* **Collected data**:
- - - - -

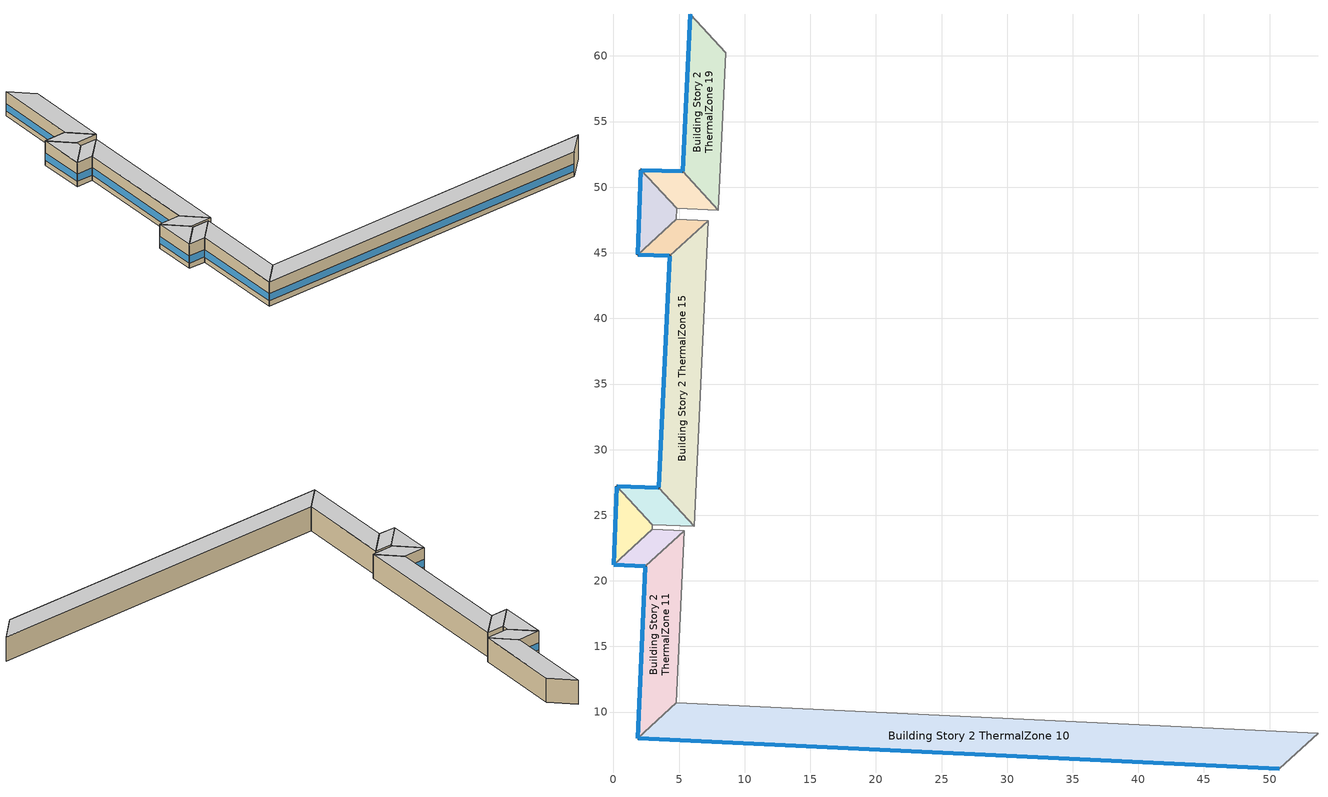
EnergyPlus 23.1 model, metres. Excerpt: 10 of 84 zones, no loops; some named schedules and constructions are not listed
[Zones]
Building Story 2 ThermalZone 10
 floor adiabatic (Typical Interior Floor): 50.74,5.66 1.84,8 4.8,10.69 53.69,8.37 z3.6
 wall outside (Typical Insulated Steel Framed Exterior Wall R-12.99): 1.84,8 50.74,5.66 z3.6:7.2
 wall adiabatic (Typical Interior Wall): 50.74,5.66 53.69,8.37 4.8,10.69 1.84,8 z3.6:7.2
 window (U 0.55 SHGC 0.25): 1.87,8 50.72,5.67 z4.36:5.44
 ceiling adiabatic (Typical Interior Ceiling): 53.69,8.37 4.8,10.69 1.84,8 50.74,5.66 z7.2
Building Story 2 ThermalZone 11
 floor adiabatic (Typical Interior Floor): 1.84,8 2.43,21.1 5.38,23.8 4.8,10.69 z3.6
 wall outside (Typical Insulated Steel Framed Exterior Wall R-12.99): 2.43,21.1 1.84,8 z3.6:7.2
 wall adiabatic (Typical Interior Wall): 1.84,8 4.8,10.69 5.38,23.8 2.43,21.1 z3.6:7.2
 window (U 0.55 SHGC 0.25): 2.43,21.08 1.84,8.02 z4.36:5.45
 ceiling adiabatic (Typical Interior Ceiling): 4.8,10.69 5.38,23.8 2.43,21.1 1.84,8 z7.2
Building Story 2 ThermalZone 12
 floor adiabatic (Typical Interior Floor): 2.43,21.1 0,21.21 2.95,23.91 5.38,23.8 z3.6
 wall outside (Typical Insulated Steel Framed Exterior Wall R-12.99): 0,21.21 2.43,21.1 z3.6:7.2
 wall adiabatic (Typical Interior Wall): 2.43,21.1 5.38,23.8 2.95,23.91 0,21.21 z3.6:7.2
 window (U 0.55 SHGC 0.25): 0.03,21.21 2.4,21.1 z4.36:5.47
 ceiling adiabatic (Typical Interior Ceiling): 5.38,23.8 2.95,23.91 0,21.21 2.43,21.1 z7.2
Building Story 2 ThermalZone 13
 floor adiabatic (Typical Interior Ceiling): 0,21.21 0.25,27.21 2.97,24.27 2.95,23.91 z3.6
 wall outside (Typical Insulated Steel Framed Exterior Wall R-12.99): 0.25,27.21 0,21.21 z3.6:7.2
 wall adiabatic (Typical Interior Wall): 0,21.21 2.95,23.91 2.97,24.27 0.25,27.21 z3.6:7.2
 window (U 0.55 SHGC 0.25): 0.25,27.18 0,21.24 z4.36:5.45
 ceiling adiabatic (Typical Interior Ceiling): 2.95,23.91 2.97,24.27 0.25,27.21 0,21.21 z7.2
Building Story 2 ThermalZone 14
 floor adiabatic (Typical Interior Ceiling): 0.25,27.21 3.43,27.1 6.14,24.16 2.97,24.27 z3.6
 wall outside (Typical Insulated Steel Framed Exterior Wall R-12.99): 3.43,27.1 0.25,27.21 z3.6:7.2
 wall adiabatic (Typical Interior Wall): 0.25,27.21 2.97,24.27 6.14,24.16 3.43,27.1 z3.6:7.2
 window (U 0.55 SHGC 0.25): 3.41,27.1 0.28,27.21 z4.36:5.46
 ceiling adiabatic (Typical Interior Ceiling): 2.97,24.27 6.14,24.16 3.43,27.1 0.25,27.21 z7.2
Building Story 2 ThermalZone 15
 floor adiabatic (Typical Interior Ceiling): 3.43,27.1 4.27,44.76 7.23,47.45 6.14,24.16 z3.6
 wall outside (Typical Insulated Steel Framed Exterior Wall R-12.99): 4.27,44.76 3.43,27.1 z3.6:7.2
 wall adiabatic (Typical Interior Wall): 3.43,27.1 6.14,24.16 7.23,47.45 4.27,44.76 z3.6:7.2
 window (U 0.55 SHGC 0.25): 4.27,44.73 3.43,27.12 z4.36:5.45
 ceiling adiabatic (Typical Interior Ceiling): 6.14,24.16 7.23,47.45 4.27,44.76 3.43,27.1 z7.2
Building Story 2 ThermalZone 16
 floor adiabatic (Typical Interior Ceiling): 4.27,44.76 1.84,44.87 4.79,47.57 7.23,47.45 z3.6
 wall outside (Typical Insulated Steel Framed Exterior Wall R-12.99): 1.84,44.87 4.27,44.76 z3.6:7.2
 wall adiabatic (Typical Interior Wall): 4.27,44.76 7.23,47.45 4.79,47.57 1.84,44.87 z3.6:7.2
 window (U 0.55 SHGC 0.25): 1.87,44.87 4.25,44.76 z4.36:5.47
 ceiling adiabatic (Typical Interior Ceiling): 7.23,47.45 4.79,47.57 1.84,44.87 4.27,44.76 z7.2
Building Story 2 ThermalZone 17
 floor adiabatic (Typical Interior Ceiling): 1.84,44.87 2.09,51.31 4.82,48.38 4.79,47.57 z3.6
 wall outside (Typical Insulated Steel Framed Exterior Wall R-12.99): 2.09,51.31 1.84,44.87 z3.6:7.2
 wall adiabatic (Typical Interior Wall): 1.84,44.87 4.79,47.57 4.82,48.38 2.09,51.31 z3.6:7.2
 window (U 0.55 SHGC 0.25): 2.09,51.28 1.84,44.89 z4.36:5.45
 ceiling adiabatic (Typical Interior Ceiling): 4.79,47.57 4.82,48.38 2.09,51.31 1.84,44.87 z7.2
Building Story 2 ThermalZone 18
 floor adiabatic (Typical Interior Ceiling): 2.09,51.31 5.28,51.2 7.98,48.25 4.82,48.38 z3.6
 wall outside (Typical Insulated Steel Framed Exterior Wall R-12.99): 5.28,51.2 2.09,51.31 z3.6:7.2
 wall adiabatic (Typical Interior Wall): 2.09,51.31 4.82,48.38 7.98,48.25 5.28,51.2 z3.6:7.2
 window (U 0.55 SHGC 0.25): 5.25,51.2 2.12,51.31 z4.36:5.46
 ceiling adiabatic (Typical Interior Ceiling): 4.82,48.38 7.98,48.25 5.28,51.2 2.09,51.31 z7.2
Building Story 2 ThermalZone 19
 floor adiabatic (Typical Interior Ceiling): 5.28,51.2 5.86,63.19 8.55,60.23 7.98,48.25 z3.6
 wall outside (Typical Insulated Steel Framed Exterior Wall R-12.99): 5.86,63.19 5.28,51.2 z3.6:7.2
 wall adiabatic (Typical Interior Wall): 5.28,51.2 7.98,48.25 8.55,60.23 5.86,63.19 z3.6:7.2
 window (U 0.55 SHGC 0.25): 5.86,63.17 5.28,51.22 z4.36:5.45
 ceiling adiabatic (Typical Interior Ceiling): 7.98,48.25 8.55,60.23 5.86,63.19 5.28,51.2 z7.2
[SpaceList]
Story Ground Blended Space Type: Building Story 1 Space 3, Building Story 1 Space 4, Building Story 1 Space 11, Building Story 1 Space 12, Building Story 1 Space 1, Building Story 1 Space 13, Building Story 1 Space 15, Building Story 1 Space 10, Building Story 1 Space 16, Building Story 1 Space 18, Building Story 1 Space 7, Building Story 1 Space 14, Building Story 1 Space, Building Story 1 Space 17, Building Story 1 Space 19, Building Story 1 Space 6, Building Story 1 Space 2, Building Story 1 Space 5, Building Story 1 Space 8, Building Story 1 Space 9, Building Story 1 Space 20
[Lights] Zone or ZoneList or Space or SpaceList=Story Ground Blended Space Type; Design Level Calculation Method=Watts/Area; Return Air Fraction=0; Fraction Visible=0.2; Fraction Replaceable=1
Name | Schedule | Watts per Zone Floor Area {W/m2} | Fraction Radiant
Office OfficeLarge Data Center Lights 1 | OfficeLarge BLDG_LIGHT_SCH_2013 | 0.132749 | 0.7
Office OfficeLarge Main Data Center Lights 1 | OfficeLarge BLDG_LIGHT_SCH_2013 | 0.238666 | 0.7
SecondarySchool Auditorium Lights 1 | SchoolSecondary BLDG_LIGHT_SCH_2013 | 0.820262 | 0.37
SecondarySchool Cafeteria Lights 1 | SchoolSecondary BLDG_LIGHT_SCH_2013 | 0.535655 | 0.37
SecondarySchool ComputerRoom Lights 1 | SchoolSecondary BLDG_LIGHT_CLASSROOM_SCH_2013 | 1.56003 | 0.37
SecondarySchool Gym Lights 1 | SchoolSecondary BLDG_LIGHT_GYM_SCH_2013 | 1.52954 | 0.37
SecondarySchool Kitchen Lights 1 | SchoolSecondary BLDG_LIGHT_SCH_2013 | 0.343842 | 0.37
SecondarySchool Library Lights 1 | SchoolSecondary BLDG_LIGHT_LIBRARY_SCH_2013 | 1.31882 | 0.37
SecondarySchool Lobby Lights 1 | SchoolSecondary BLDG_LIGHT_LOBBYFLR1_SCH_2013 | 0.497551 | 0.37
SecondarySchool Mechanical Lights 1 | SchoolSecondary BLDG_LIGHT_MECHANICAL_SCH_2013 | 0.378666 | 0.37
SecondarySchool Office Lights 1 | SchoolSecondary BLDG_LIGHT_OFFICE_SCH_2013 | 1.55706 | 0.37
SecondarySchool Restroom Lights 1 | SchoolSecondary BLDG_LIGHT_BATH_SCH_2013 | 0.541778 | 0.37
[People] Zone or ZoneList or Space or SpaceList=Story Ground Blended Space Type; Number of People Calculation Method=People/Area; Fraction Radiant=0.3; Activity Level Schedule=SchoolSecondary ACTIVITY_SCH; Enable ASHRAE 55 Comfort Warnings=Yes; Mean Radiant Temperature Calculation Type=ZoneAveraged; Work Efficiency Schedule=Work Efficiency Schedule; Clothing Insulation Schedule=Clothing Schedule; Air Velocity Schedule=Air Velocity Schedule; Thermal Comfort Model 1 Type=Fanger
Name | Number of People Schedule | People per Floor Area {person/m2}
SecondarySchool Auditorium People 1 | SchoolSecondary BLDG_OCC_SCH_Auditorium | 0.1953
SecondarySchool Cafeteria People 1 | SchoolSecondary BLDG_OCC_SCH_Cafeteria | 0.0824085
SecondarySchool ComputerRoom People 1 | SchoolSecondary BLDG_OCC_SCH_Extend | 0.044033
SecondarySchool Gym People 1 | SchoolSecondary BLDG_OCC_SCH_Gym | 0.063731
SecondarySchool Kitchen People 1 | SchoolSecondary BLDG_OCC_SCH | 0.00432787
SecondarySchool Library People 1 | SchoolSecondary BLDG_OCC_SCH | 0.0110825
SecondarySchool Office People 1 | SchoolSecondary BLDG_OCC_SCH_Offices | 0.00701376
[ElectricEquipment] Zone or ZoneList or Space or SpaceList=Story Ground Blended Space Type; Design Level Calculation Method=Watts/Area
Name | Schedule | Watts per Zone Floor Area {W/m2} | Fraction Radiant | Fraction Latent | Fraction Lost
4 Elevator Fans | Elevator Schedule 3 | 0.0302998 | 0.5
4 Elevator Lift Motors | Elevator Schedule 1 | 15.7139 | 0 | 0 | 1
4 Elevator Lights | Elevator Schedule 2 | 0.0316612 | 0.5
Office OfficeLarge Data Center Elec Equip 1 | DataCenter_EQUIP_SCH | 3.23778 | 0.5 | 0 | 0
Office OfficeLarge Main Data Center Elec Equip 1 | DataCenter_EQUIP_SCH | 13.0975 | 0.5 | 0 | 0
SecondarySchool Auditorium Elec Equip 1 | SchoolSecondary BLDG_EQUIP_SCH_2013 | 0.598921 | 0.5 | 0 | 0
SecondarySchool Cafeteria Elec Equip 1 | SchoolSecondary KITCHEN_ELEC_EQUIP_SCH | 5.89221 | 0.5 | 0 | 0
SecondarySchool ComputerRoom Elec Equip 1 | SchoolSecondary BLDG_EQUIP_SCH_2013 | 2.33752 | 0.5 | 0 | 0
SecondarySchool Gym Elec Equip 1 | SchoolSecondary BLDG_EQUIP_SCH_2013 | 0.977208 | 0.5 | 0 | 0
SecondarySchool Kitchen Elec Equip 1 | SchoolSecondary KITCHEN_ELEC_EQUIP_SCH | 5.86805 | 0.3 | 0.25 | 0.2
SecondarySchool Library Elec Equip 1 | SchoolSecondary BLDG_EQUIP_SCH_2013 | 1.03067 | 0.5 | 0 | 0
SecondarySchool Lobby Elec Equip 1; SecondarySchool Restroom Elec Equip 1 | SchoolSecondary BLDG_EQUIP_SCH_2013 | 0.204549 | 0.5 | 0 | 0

- - - - -

* **WHAT TO PRODUCE**:
Using the data above, reproduce exactly the lines between those holding "Office OfficeLarge Data Center Lights" and "SecondarySchool Cafeteria Lights", inclusive, and no others.

* **TASK SOLUTION**:
Office OfficeLarge Data Center Lights 1 | OfficeLarge BLDG_LIGHT_SCH_2013 | 0.132749 | 0.7
Office OfficeLarge Main Data Center Lights 1 | OfficeLarge BLDG_LIGHT_SCH_2013 | 0.238666 | 0.7
SecondarySchool Auditorium Lights 1 | SchoolSecondary BLDG_LIGHT_SCH_2013 | 0.820262 | 0.37
SecondarySchool Cafeteria Lights 1 | SchoolSecondary BLDG_LIGHT_SCH_2013 | 0.535655 | 0.37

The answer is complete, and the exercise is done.